*WHAT IS BEING ASKED*
Take each line below that has "message" and copy it.

Saved data entries
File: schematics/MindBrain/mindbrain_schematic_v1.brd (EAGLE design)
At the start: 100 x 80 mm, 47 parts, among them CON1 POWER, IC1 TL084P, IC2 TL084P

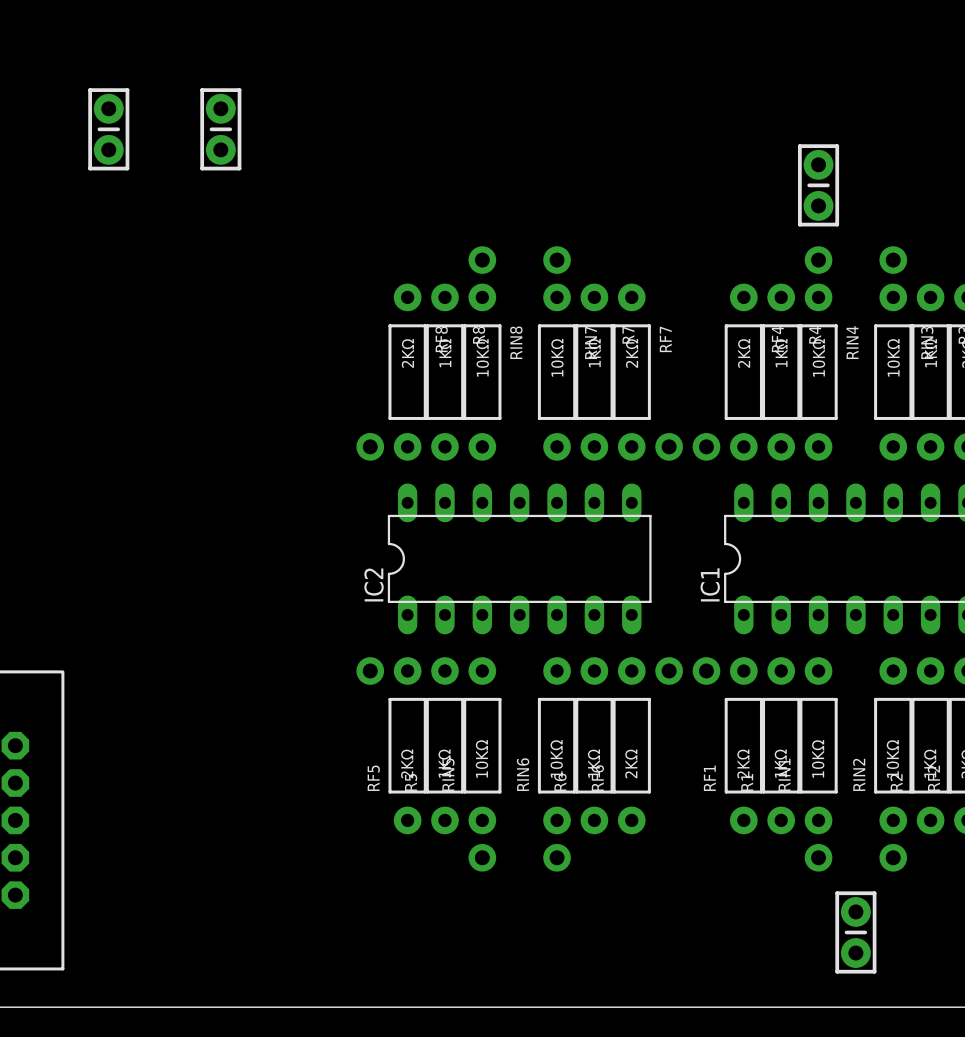
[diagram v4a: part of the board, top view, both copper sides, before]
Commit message: placed bypass caps in board view
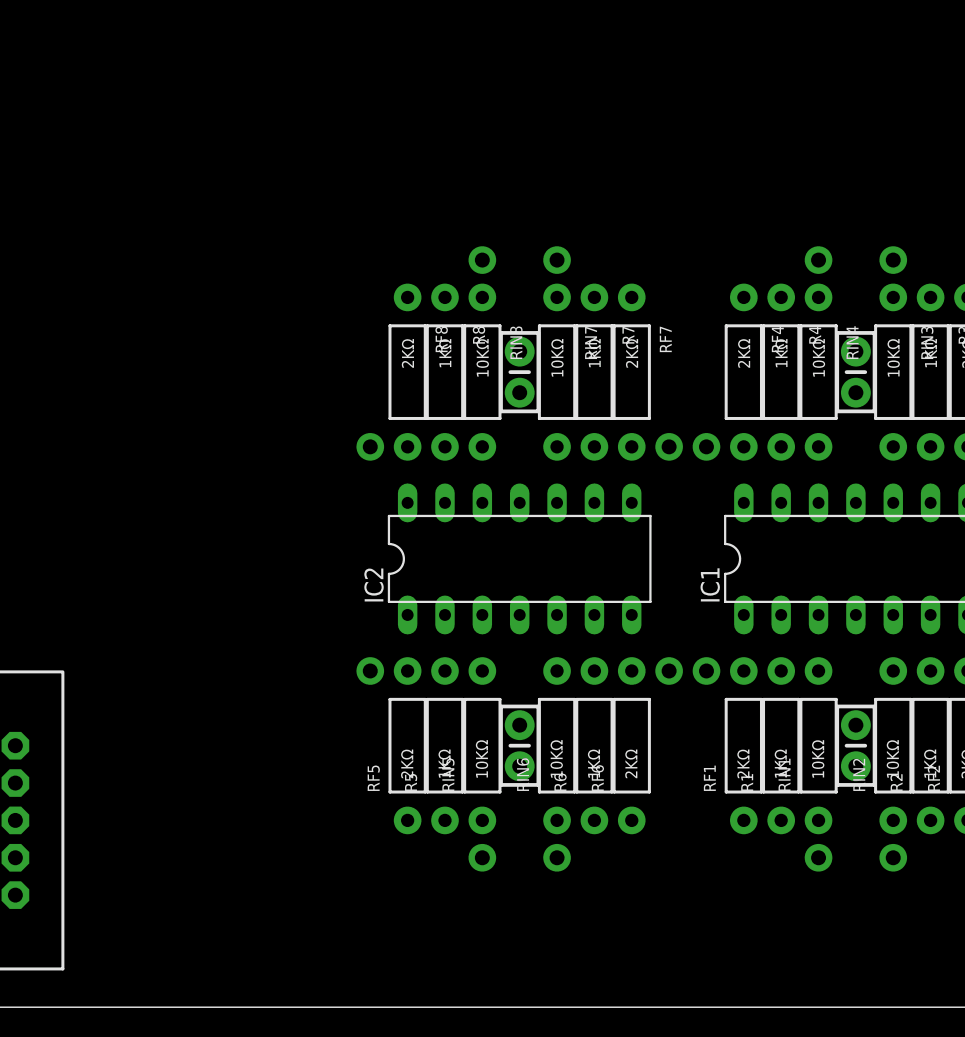
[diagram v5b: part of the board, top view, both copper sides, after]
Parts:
- moved C1 50.4 mm to (41.9, 17.8), turned to 270 degrees
- moved C3 38.2 mm to (64.8, 17.8), turned to 270 degrees
- moved C2 38.1 mm to (64.8, 43.2)
- moved C4 26.2 mm to (41.9, 43.2)
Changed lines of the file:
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@@
 <element name="RIN7" library="SparkFun-Passives" package="AXIAL-0.4" value="10KΩ" x="44.45" y="43.18" rot="R270"/>
 <element name="RIN8" library="SparkFun-Passives" package="AXIAL-0.4" value="10KΩ" x="39.37" y="43.18" rot="R270"/>
-<element name="C1" library="SparkFun-Capacitors" package="CAP-PTH-SMALL-KIT" value="0.1uF" x="13.97" y="59.69" rot="R90"/>
-<element name="C2" library="SparkFun-Capacitors" package="CAP-PTH-SMALL-KIT" value="0.1uF" x="64.77" y="5.08" rot="R90"/>
-<element name="C3" library="SparkFun-Capacitors" package="CAP-PTH-SMALL-KIT" value="0.1uF" x="62.23" y="55.88" rot="R90"/>
-<element name="C4" library="SparkFun-Capacitors" package="CAP-PTH-SMALL-KIT" value="0.1uF" x="21.59" y="59.69" rot="R90"/>
+<element name="C1" library="SparkFun-Capacitors" package="CAP-PTH-SMALL-KIT" value="0.1uF" x="41.91" y="17.78" rot="R270"/>
+<element name="C2" library="SparkFun-Capacitors" package="CAP-PTH-SMALL-KIT" value="0.1uF" x="64.77" y="43.18" rot="R90"/>
+<element name="C3" library="SparkFun-Capacitors" package="CAP-PTH-SMALL-KIT" value="0.1uF" x="64.77" y="17.78" rot="R270"/>
+<element name="C4" library="SparkFun-Capacitors" package="CAP-PTH-SMALL-KIT" value="0.1uF" x="41.91" y="43.18" rot="R90"/>
 <element name="CON1" library="SparkFun-Connectors" package="2X5-SHROUDED" value="POWER" x="6.35" y="12.7"/>
 </elements>
@@
 <wire x1="62.23" y1="48.26" x2="67.31" y2="48.26" width="0" layer="19" extent="1-1"/>
 <wire x1="59.69" y1="48.26" x2="62.23" y2="48.26" width="0" layer="19" extent="1-1"/>
-<wire x1="62.23" y1="57.277" x2="62.23" y2="48.26" width="0" layer="19" extent="1-1"/>
+<wire x1="64.77" y1="16.383" x2="62.23" y2="48.26" width="0" layer="19" extent="1-1"/>
 <wire x1="46.99" y1="48.26" x2="59.69" y2="48.26" width="0" layer="19" extent="1-1"/>
 <wire x1="44.45" y1="48.26" x2="46.99" y2="48.26" width="0" layer="19" extent="1-1"/>
 <wire x1="39.37" y1="48.26" x2="44.45" y2="48.26" width="0" layer="19" extent="1-1"/>
 <wire x1="36.83" y1="48.26" x2="39.37" y2="48.26" width="0" layer="19" extent="1-1"/>
-<wire x1="21.59" y1="61.087" x2="36.83" y2="48.26" width="0" layer="19" extent="1-1"/>
-<wire x1="13.97" y1="61.087" x2="21.59" y2="61.087" width="0" layer="19" extent="1-1"/>
+<wire x1="41.91" y1="44.577" x2="36.83" y2="48.26" width="0" layer="19" extent="1-1"/>
+<wire x1="41.91" y1="16.383" x2="41.91" y2="44.577" width="0" layer="19" extent="1-1"/>
 <wire x1="69.85" y1="12.7" x2="69.85" y2="48.26" width="0" layer="19" extent="1-1"/>
 <wire x1="67.31" y1="12.7" x2="69.85" y2="12.7" width="0" layer="19" extent="1-1"/>
 <wire x1="62.23" y1="12.7" x2="67.31" y2="12.7" width="0" layer="19" extent="1-1"/>
 <wire x1="59.69" y1="12.7" x2="62.23" y2="12.7" width="0" layer="19" extent="1-1"/>
-<wire x1="64.77" y1="6.477" x2="67.31" y2="12.7" width="0" layer="19" extent="1-1"/>
+<wire x1="64.77" y1="44.577" x2="67.31" y2="12.7" width="0" layer="19" extent="1-1"/>
 <wire x1="46.99" y1="12.7" x2="59.69" y2="12.7" width="0" layer="19" extent="1-1"/>
 <wire x1="44.45" y1="12.7" x2="46.99" y2="12.7" width="0" layer="19" extent="1-1"/>
@@
 <contactref element="C4" pad="1"/>
 <wire x1="41.91" y1="34.29" x2="64.77" y2="34.29" width="0" layer="19" extent="1-1"/>
-<wire x1="64.77" y1="3.683" x2="64.77" y2="34.29" width="0" layer="19" extent="1-1"/>
-<wire x1="21.59" y1="58.293" x2="41.91" y2="34.29" width="0" layer="19" extent="1-1"/>
+<wire x1="64.77" y1="41.783" x2="64.77" y2="34.29" width="0" layer="19" extent="1-1"/>
+<wire x1="41.91" y1="41.783" x2="41.91" y2="34.29" width="0" layer="19" extent="1-1"/>
 <wire x1="7.62" y1="17.78" x2="41.91" y2="34.29" width="0" layer="19" extent="1-1"/>
 <wire x1="5.08" y1="17.78" x2="7.62" y2="17.78" width="0" layer="19" extent="1-1"/>
@@
 <contactref element="C3" pad="1"/>
 <contactref element="CON1" pad="10"/>
-<wire x1="64.77" y1="26.67" x2="62.23" y2="54.483" width="0" layer="19" extent="1-1"/>
+<wire x1="64.77" y1="26.67" x2="64.77" y2="19.177" width="0" layer="19" extent="1-1"/>
 <wire x1="41.91" y1="26.67" x2="64.77" y2="26.67" width="0" layer="19" extent="1-1"/>
 <wire x1="7.62" y1="7.62" x2="41.91" y2="26.67" width="0" layer="19" extent="1-1"/>
 <wire x1="5.08" y1="7.62" x2="7.62" y2="7.62" width="0" layer="19" extent="1-1"/>
-<wire x1="13.97" y1="58.293" x2="41.91" y2="26.67" width="0" layer="19" extent="1-1"/>
+<wire x1="41.91" y1="19.177" x2="41.91" y2="26.67" width="0" layer="19" extent="1-1"/>
 </signal>
 </signals>

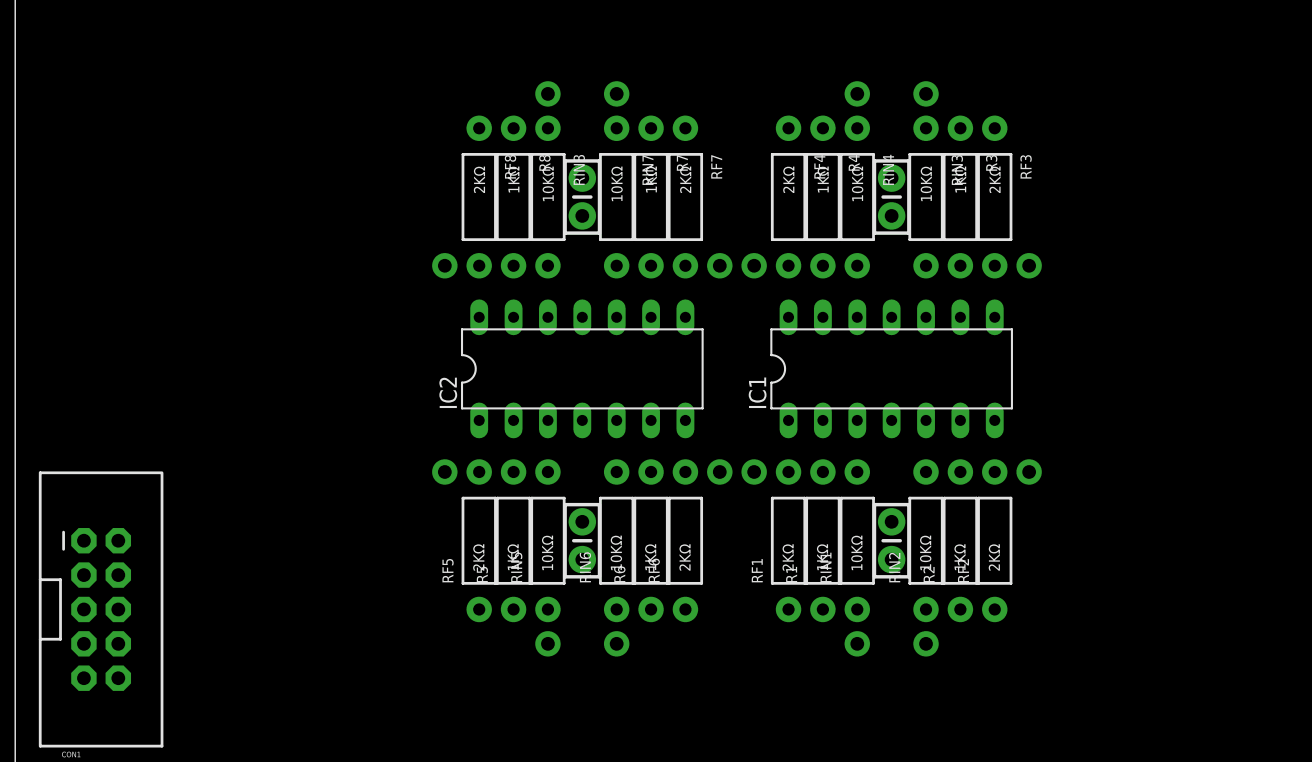
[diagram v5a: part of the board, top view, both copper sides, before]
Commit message: started laying traces, top side
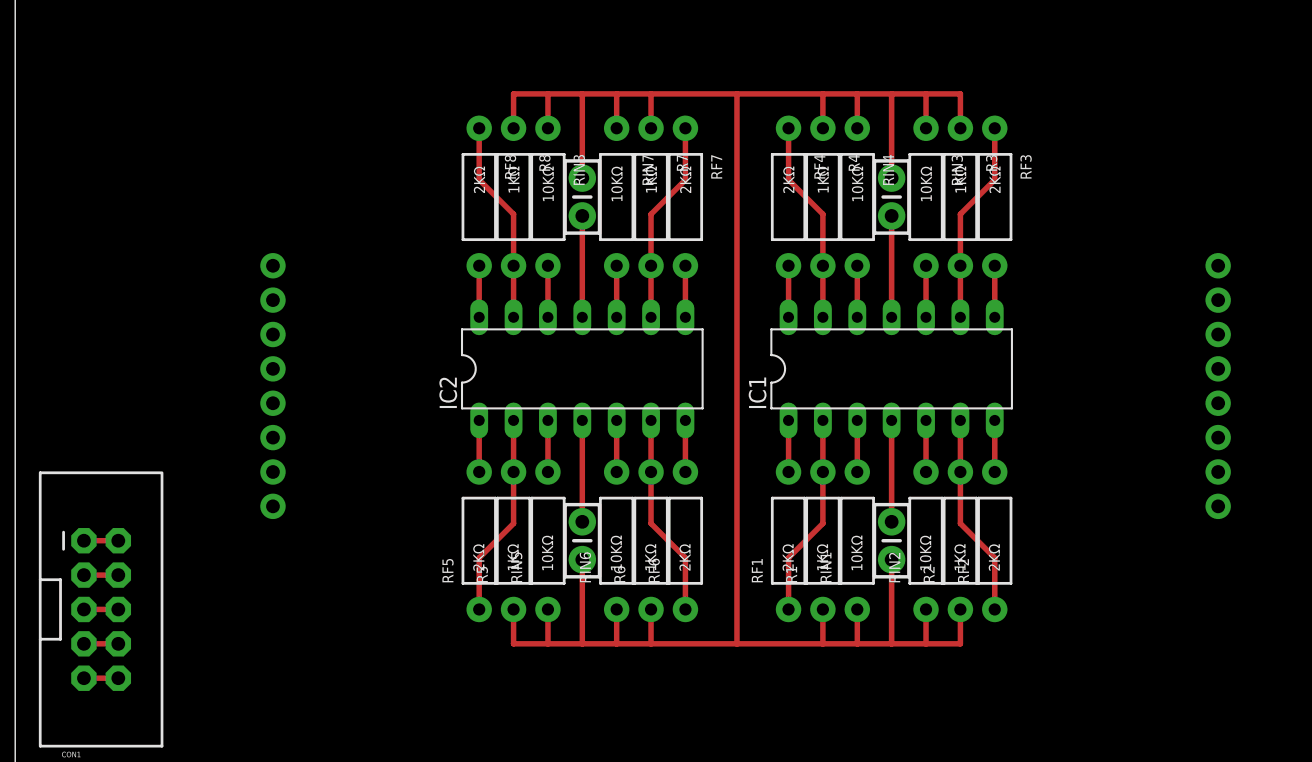
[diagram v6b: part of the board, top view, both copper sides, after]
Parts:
- moved OUTPUT5 57.7 mm to (88.9, 30.5)
- moved OUTPUT8 57.2 mm to (88.9, 38.1)
- moved INPUT3 54.5 mm to (19.1, 25.4)
- moved INPUT2 49.9 mm to (19.1, 22.9)
- moved INPUT4 48.9 mm to (19.1, 27.9)
- moved INPUT1 44.4 mm to (19.1, 20.3)
- moved OUTPUT6 38.2 mm to (88.9, 33.0)
- moved OUTPUT7 36.9 mm to (88.9, 35.6)
- moved OUTPUT4 35.8 mm to (88.9, 27.9)
- moved OUTPUT1 34.4 mm to (88.9, 20.3)
- moved INPUT6 34.2 mm to (19.1, 33.0)
- moved INPUT7 29.6 mm to (19.1, 35.6)
- moved INPUT5 28.7 mm to (19.1, 30.5)
- moved INPUT8 24.0 mm to (19.1, 38.1)
- moved OUTPUT3 18.9 mm to (88.9, 25.4)
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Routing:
- net GND: track 0.00 -> 179.8 mm
- net N$27: track 0.00 -> 17.5 mm
- net N$25: track 0.00 -> 17.5 mm
- net N$6: track 0.00 -> 15.0 mm
- net N$9: track 0.00 -> 15.0 mm
- net N$3: track 0.00 -> 15.0 mm
- net N$18: track 0.00 -> 15.0 mm
- net N$15: track 0.00 -> 15.0 mm
- net N$24: track 0.00 -> 15.0 mm
- net N$21: track 0.00 -> 15.0 mm
- net N$12: track 0.00 -> 15.0 mm
- net N$8: track 0.00 -> 3.81 mm
- net N$7: track 0.00 -> 3.81 mm
- net N$5: track 0.00 -> 3.81 mm
- net N$4: track 0.00 -> 3.81 mm
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
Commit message: updated top layer layouts
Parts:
- moved CON1 16.6 mm to (7.62, 29.2)
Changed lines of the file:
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@@
 <element name="C3" library="SparkFun-Capacitors" package="CAP-PTH-SMALL-KIT" value="0.1uF" x="64.77" y="17.78" rot="R270"/>
 <element name="C4" library="SparkFun-Capacitors" package="CAP-PTH-SMALL-KIT" value="0.1uF" x="41.91" y="43.18" rot="R90"/>
-<element name="CON1" library="SparkFun-Connectors" package="2X5-SHROUDED" value="POWER" x="6.35" y="12.7"/>
+<element name="CON1" library="SparkFun-Connectors" package="2X5-SHROUDED" value="POWER" x="7.62" y="29.21"/>
 </elements>
 <signals>
@@
 <contactref element="C1" pad="2"/>
 <contactref element="C3" pad="2"/>
-<wire x1="5.08" y1="10.16" x2="7.62" y2="10.16" width="0.4064" layer="1"/>
-<wire x1="5.08" y1="15.24" x2="7.62" y2="15.24" width="0.4064" layer="1"/>
-<wire x1="5.08" y1="12.7" x2="7.62" y2="12.7" width="0.4064" layer="1"/>
+<wire x1="6.35" y1="26.67" x2="8.89" y2="26.67" width="0.4064" layer="1"/>
+<wire x1="6.35" y1="31.75" x2="8.89" y2="31.75" width="0.4064" layer="1"/>
+<wire x1="6.35" y1="29.21" x2="8.89" y2="29.21" width="0.4064" layer="1"/>
 <wire x1="39.37" y1="12.7" x2="39.37" y2="10.16" width="0.4064" layer="1"/>
 <wire x1="39.37" y1="10.16" x2="41.91" y2="10.16" width="0.4064" layer="1"/>
@@
 <wire x1="62.23" y1="10.16" x2="59.69" y2="10.16" width="0.4064" layer="1"/>
 <wire x1="53.34" y1="10.16" x2="53.34" y2="50.8" width="0.4064" layer="1"/>
-<wire x1="7.62" y1="12.7" x2="36.83" y2="12.7" width="0" layer="19" extent="1-1"/>
-<wire x1="7.62" y1="15.24" x2="7.62" y2="12.7" width="0" layer="19" extent="1-1"/>
-<wire x1="7.62" y1="10.16" x2="7.62" y2="12.7" width="0" layer="19" extent="1-1"/>
+<wire x1="8.89" y1="29.21" x2="36.83" y2="12.7" width="0" layer="19" extent="1-1"/>
+<wire x1="8.89" y1="31.75" x2="8.89" y2="29.21" width="0" layer="19" extent="1-1"/>
+<wire x1="8.89" y1="26.67" x2="8.89" y2="29.21" width="0" layer="19" extent="1-1"/>
 </signal>
 <signal name="N$2">
@@
 <wire x1="64.77" y1="41.783" x2="64.77" y2="34.29" width="0.4064" layer="1"/>
 <wire x1="41.91" y1="41.783" x2="41.91" y2="34.29" width="0.4064" layer="1"/>
-<wire x1="7.62" y1="17.78" x2="41.91" y2="34.29" width="0" layer="19" extent="1-1"/>
-<wire x1="5.08" y1="17.78" x2="7.62" y2="17.78" width="0.4064" layer="1"/>
+<wire x1="8.89" y1="34.29" x2="41.91" y2="34.29" width="0" layer="19" extent="1-1"/>
+<wire x1="6.35" y1="34.29" x2="8.89" y2="34.29" width="0.4064" layer="1"/>
 </signal>
 <signal name="N$25">
@@
 <contactref element="CON1" pad="10"/>
 <wire x1="41.91" y1="26.67" x2="64.77" y2="26.67" width="0" layer="19" extent="1-1"/>
-<wire x1="7.62" y1="7.62" x2="41.91" y2="26.67" width="0" layer="19" extent="1-1"/>
+<wire x1="8.89" y1="24.13" x2="41.91" y2="26.67" width="0" layer="19" extent="1-1"/>
 <wire x1="64.77" y1="19.177" x2="64.77" y2="26.67" width="0.4064" layer="1"/>
 <wire x1="41.91" y1="19.177" x2="41.91" y2="26.67" width="0.4064" layer="1"/>
-<wire x1="5.08" y1="7.62" x2="7.62" y2="7.62" width="0.4064" layer="1"/>
+<wire x1="6.35" y1="24.13" x2="8.89" y2="24.13" width="0.4064" layer="1"/>
 </signal>
 </signals>

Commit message: replaced ground traces with ground pour
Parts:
- moved C1 5.08 mm to (41.9, 12.7)
- moved C3 5.08 mm to (64.8, 12.7)
- moved CON1 5.08 mm to (7.62, 24.1)
- moved IC1 5.08 mm to (64.8, 25.4)
- moved IC2 5.08 mm to (41.9, 25.4)
- moved INPUT4 5.08 mm to (19.1, 22.9)
- moved INPUT5 5.08 mm to (19.1, 25.4)
- moved INPUT6 5.08 mm to (19.1, 27.9)
- moved INPUT7 5.08 mm to (19.1, 30.5)
- moved OUTPUT4 5.08 mm to (88.9, 22.9)
- moved OUTPUT5 5.08 mm to (88.9, 25.4)
- moved OUTPUT6 5.08 mm to (88.9, 27.9)
- moved OUTPUT7 5.08 mm to (88.9, 30.5)
- moved R1 5.08 mm to (59.7, 12.7)
- moved R2 5.08 mm to (69.8, 12.7)
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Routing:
- net GND: track 179.8 -> 7.62 mm
- added copper zone on layer 1, net GND
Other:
- board size 100 x 80 mm -> 92.4 x 49.5 mm

*FINISHED EXERCISE*
Commit message: placed bypass caps in board view
Commit message: started laying traces, top side
Commit message: updated top layer layouts
Commit message: replaced ground traces with ground pour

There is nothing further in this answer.